People living in AHRI’s health and demographic surveillance system site in uMkhanyakude District are being invited to participate in a comprehensive health screening at a Vukuzazi mobile health screening fair.

The easy-access screenings will test for diabetes, high blood pressure, nutritional status, tobacco and alcohol use as well as HIV and tuberculosis, in a bid to lower the prevalence of diseases such as TB and to tackle the stigma still often associated with HIV screenings.

AHRI aims to reach 30,000 participants over the course of 18 months, with the mobile camp coming within one kilometre of each participant’s home.

State-of-the art equipment

The state of the art equipment will allow AHRI’s clinical team to examine this information in real time, link it together and make referrals to the public health system for people as needed.

“There are very few surveillance sites of the sort that we are building on,” said AHRI Deputy Director for Science, Professor Thumbi Ndung’u in a recent statement. “AHRI has been monitoring 120, 000 individuals for the past 15 years. We are now building on to that a new level of clinical testing and diagnosis, together with biological sampling.

Understanding the genetic makeup

“One of the key aspects of Vukuzazi that will push this research agenda forward is understanding the genetic makeup of our population, but in particular what is it about those genetics which determines who is protected from disease, and who gets disease,” said AHRI Director, Professor Pillay.

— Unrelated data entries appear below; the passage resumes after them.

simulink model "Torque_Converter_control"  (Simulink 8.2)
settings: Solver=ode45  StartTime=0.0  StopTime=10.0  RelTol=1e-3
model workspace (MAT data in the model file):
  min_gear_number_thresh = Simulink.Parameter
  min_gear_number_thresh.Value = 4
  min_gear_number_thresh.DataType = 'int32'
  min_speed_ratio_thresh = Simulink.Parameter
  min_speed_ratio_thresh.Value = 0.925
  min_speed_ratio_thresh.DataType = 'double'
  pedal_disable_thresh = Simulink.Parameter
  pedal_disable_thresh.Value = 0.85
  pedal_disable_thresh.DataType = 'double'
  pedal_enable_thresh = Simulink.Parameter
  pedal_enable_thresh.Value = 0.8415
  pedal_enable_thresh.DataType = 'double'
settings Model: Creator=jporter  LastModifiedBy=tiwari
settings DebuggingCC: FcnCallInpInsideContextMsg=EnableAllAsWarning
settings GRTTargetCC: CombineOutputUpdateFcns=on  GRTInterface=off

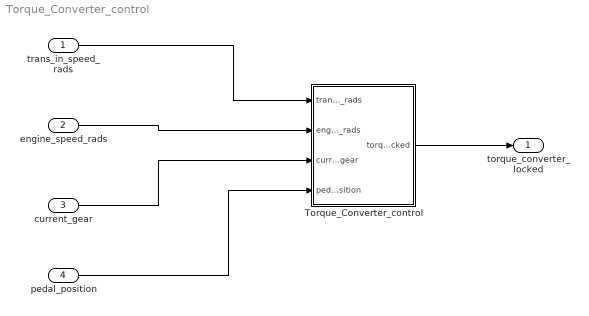
== system Torque_Converter_control ==
  trans_in_speed_rads : Inport  OutDataTypeStr=double
  engine_speed_rads : Inport  Port=2  OutDataTypeStr=double
  current_gear : Inport  Port=3  OutDataTypeStr=int32
  pedal_position : Inport  Port=4  OutDataTypeStr=double
  Torque_Converter_control : Subsystem
  torque_converter_locked : Outport  OutDataTypeStr=double
  wires:
  trans_in_speed_rads/1 -> Torque_Converter_control/1(trans_in_speed_rads)
  engine_speed_rads/1 -> Torque_Converter_control/2(engine_speed_rads)
  current_gear/1 -> Torque_Converter_control/3(current_gear)
  pedal_position/1 -> Torque_Converter_control/4(pedal_position)
  Torque_Converter_control/1(torque_converter_locked) -> torque_converter_locked/1

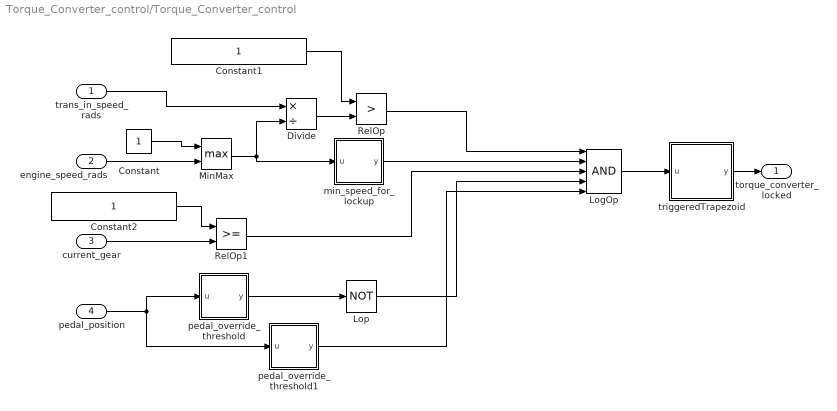
== system Torque_Converter_control/Torque_Converter_control ==
  trans_in_speed_rads : Inport  OutDataTypeStr=double
  engine_speed_rads : Inport  Port=2  OutDataTypeStr=double
  current_gear : Inport  Port=3  OutDataTypeStr=int32
  pedal_position : Inport  Port=4  OutDataTypeStr=double
  Constant : Constant
  Constant1 : Constant
  Constant2 : Constant
  Divide : Product  Inputs=*/
  LogOp : Logic  Inputs=5  AllPortsSameDT=off  OutDataTypeStr=boolean
  Lop : Logic  Operator=NOT  AllPortsSameDT=off  OutDataTypeStr=boolean
  MinMax : MinMax  Function=max  Inputs=2
  RelOp : RelationalOperator  Operator=>  OutDataTypeStr=boolean
  RelOp1 : RelationalOperator  OutDataTypeStr=boolean
  min_speed_for_lockup : Subsystem
  pedal_override_threshold : Subsystem
  pedal_override_threshold1 : Subsystem
  triggeredTrapezoid : Stateflow chart  TreatAsAtomicUnit=on
  torque_converter_locked : Outport  OutDataTypeStr=double
  wires:
  Constant/1 -> MinMax/1
  MinMax/1 -> Divide/2, min_speed_for_lockup/1(u)
  Constant1/1 -> RelOp/1
  Divide/1 -> RelOp/2
  RelOp/1 -> LogOp/1
  min_speed_for_lockup/1(y) -> LogOp/2
  Constant2/1 -> RelOp1/1
  RelOp1/1 -> LogOp/3
  pedal_override_threshold/1(y) -> Lop/1
  Lop/1 -> LogOp/4
  pedal_override_threshold1/1(y) -> LogOp/5
  LogOp/1 -> triggeredTrapezoid/1(u)
  triggeredTrapezoid/1(y) -> torque_converter_locked/1
  trans_in_speed_rads/1 -> Divide/1
  engine_speed_rads/1 -> MinMax/2
  current_gear/1 -> RelOp1/2
  pedal_position/1 -> pedal_override_threshold/1(u), pedal_override_threshold1/1(u)

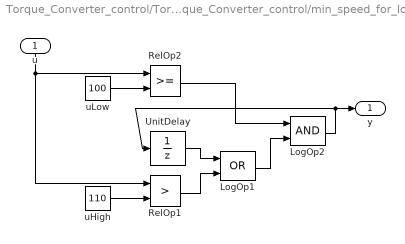
== system Torque_Converter_control/Torque_Converter_control/min_speed_for_lockup ==
  u : Inport
  LogOp1 : Logic  Operator=OR  AllPortsSameDT=off  OutDataTypeStr=boolean
  LogOp2 : Logic  AllPortsSameDT=off  OutDataTypeStr=boolean
  RelOp1 : RelationalOperator  Operator=>  OutDataTypeStr=boolean
  RelOp2 : RelationalOperator  OutDataTypeStr=boolean
  UnitDelay : UnitDelay  SampleTime=-1
  uHigh : Constant  Value=110
  uLow : Constant  Value=100
  y : Outport
  wires:
  UnitDelay/1 -> LogOp1/1
  RelOp1/1 -> LogOp1/2
  uLow/1 -> RelOp2/2
  uHigh/1 -> RelOp1/2
  RelOp2/1 -> LogOp2/1
  LogOp1/1 -> LogOp2/2
  LogOp2/1 -> UnitDelay/1, y/1
  u/1 -> RelOp2/1, RelOp1/1

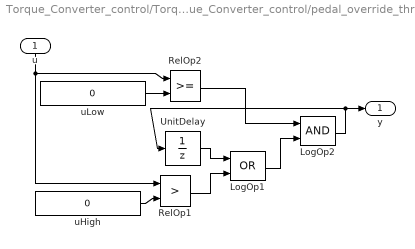
== system Torque_Converter_control/Torque_Converter_control/pedal_override_threshold ==
  u : Inport
  LogOp1 : Logic  Operator=OR  AllPortsSameDT=off  OutDataTypeStr=boolean
  LogOp2 : Logic  AllPortsSameDT=off  OutDataTypeStr=boolean
  RelOp1 : RelationalOperator  Operator=>  OutDataTypeStr=boolean
  RelOp2 : RelationalOperator  OutDataTypeStr=boolean
  UnitDelay : UnitDelay  SampleTime=-1
  uHigh : Constant  Value=0
  uLow : Constant  Value=0
  y : Outport
  wires:
  UnitDelay/1 -> LogOp1/1
  RelOp1/1 -> LogOp1/2
  uLow/1 -> RelOp2/2
  uHigh/1 -> RelOp1/2
  RelOp2/1 -> LogOp2/1
  LogOp1/1 -> LogOp2/2
  LogOp2/1 -> UnitDelay/1, y/1
  u/1 -> RelOp2/1, RelOp1/1

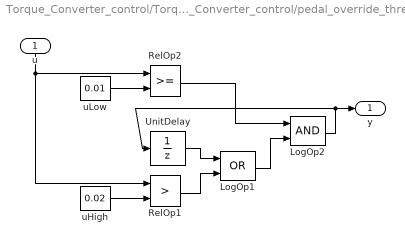
== system Torque_Converter_control/Torque_Converter_control/pedal_override_threshold1 ==
  u : Inport
  LogOp1 : Logic  Operator=OR  AllPortsSameDT=off  OutDataTypeStr=boolean
  LogOp2 : Logic  AllPortsSameDT=off  OutDataTypeStr=boolean
  RelOp1 : RelationalOperator  Operator=>  OutDataTypeStr=boolean
  RelOp2 : RelationalOperator  OutDataTypeStr=boolean
  UnitDelay : UnitDelay  SampleTime=-1
  uHigh : Constant  Value=0.02
  uLow : Constant  Value=0.01
  y : Outport
  wires:
  UnitDelay/1 -> LogOp1/1
  RelOp1/1 -> LogOp1/2
  uLow/1 -> RelOp2/2
  uHigh/1 -> RelOp1/2
  RelOp2/1 -> LogOp2/1
  LogOp1/1 -> LogOp2/2
  LogOp2/1 -> UnitDelay/1, y/1
  u/1 -> RelOp2/1, RelOp1/1

== stateflow chart Torque_Converter_control/triggeredTrapezoid ==
  settings: description=|
      | <?xml version="1.0" encoding="utf-8"?>
      | <ltlProperties AbsenceCount="4">
      |    <ltlProperty afterExpr="" beforeExpr="" expr="[](!((y &lt; 0) || (y &gt; 1)))" id="Absence1" name="AbsenceProperty" rawProperty="(y &lt; 0) || (y &gt; 1)" rawProperty2="" scope="Global" type="Absence"/>
      |    <ltlProperty afterExpr="" beforeExpr="" expr="[](!((y &lt; 0) || (y &gt; 0.4)))" id="Absence2" name="AbsenceProperty1" rawProperty="(y &lt; 0) || (y &gt; 0.4)" rawProperty2="" scope="Global" type="Absence"/>
      |    <ltlProperty afterExpr="" beforeExpr="" expr="[](!((y &lt; 0.1) || (y &gt; 1)))" id="Absence3" name="AbsenceProperty12" rawProperty="(y &lt; 0.1) || (y &gt; 1)" rawProperty2="" scope="Global" type="Absence"/>
      |    <ltlProperty afterExpr="" beforeExpr="" expr="[](!(triggeredTrapezoidMode = Falling))" id="Absence4" name="AbsenceProperty123" rawProperty="triggeredTrapezoidMode = Falling" rawProperty2="" scope="Global" type="Absence"/>
      | </ltlProperties>
  state Low
    entry: y = offset;
  state Rising
    during: y = y + rise_step;
  state Falling
    during: y = y - fall_step;
  state High
    entry: y = amplitude+offset;
  (default) -> Low : / rise_step = amplitude / (rise_time / sample_period);
      |  fall_step = amplitude / (fall_time / sample_period);
  Falling -> Low [order 1] : [y <= offset]
  Low -> Rising : [u == true]
  Rising -> Falling [order 2] : [u==false]
  Falling -> Rising [order 2] : [u==true]
  Rising -> High [order 1] : [y >= amplitude+offset]
  High -> Falling : [u == false]
  data: sample_period local double; u input boolean; amplitude local double =1; rise_time local double =0.2; fall_time local double =0.2; offset local double =0; rise_step local double =0.0; fall_step local double =0.0; y output double =0

“There is a paucity of data from Africa, sub-Saharan Africa in particular, and we want to redress that balance. We want to ensure that the potential benefits that are being shown to populations in the West can also be provided to the population here.”

Significant academic partner

Launched in 2016, AHRI’s inception was made possible through £63m in grants from Wellcome Trust and the Howard Hughes Medical Institute (HHMI), with UCL and the University of KwaZulu-Natal (UKZN) as significant academic partners.

In 2018, UCL launched funding via the Division of Infection and Immunity for South African students to study at UCL through AHRI on studentships.